_Problem requirements_
Which lines of the records below contain the word "Motor"? Report each of them in full.

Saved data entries
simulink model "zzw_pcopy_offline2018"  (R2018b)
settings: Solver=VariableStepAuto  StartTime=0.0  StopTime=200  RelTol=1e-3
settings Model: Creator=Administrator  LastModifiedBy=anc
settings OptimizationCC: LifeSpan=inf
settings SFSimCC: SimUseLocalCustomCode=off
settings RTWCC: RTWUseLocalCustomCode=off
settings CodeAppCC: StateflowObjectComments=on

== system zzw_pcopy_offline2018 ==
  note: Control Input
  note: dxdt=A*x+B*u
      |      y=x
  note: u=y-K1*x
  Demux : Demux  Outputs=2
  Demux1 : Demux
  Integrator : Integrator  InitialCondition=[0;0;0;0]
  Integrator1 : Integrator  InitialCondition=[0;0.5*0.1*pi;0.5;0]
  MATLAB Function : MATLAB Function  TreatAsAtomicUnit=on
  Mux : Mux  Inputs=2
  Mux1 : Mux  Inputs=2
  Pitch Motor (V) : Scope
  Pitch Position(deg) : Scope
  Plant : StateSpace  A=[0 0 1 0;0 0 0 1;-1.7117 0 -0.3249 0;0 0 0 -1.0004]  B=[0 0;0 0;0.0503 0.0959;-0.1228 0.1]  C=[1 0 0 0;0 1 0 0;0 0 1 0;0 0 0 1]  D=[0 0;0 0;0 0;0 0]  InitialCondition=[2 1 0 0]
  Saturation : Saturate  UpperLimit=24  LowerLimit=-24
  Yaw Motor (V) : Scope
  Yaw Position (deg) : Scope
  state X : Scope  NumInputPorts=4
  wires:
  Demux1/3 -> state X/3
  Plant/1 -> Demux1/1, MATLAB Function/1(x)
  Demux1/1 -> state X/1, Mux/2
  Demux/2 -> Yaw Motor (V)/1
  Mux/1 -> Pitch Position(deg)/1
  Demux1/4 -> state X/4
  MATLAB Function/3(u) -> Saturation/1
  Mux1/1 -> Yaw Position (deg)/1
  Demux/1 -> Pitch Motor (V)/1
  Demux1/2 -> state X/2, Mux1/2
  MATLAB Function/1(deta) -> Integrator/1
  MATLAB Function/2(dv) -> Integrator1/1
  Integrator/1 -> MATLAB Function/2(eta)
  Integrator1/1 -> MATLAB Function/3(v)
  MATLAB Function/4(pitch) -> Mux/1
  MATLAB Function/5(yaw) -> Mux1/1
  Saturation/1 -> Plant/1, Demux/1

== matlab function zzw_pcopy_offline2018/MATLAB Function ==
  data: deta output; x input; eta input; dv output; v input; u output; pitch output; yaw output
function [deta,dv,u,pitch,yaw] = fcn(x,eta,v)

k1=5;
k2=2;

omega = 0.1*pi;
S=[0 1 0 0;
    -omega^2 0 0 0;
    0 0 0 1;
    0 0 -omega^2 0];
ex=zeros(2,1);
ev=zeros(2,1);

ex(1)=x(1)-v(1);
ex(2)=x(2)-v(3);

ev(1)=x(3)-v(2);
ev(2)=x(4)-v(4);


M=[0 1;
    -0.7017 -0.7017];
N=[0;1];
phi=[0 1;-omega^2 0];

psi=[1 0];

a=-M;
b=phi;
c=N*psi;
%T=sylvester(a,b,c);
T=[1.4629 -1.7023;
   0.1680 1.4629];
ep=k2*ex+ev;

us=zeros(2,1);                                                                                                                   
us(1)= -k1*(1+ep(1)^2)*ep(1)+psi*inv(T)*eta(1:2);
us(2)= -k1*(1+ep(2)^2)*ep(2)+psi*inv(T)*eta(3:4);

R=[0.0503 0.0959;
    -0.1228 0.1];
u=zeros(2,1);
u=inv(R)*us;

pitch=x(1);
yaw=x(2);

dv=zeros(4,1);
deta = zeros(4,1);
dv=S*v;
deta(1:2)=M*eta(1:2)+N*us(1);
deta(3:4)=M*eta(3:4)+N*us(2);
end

_Reply to the exercise_
  Pitch Motor (V) : Scope
  Yaw Motor (V) : Scope
  Demux/2 -> Yaw Motor (V)/1
  Demux/1 -> Pitch Motor (V)/1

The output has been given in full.